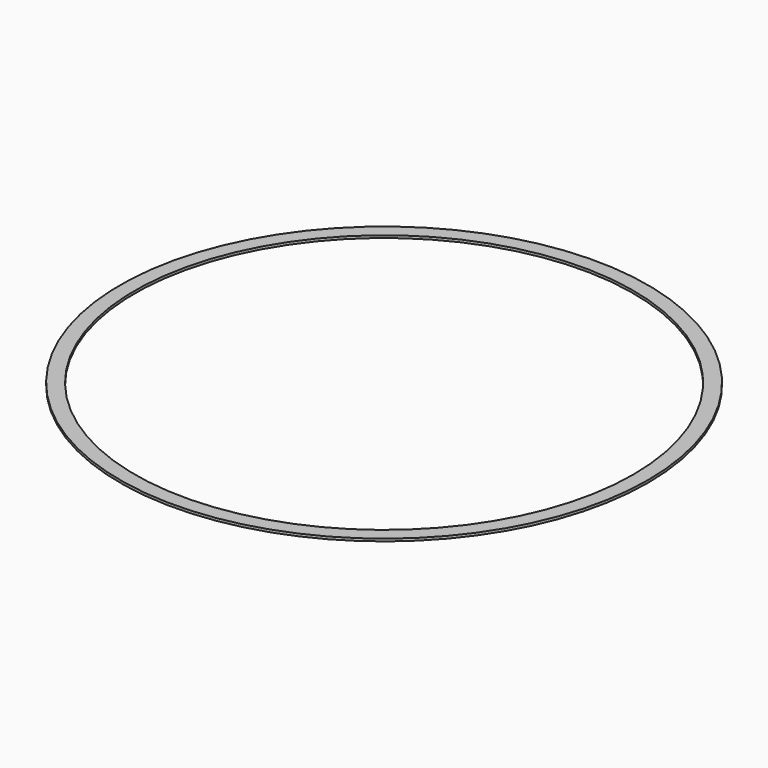
from build123d import *

# Parameters (mm, degrees)
F0_R     = 453.45858
F0_R_2   = 428.05858
F1_DEPTH = 4.2333333333


# Not quite as in the source:
# - a length typed as a fraction of an inch, garbled in the dataset ("3 / 203.2 mm" for 3/8 in), is restored


with BuildPart() as f1:
    # F0 (on Top) → F1 (new body)
    with BuildSketch(Plane.XY):
        Circle(F0_R)
        Circle(F0_R_2, mode=Mode.SUBTRACT)
    extrude(amount=F1_DEPTH)


solid = f1.part

What you should do: Copy exactly the line containing "# - a length" and each line after it through the end of the records above.

Expected answer:
# - a length typed as a fraction of an inch, garbled in the dataset ("3 / 203.2 mm" for 3/8 in), is restored


with BuildPart() as f1:
    # F0 (on Top) → F1 (new body)
    with BuildSketch(Plane.XY):
        Circle(F0_R)
        Circle(F0_R_2, mode=Mode.SUBTRACT)
    extrude(amount=F1_DEPTH)


solid = f1.part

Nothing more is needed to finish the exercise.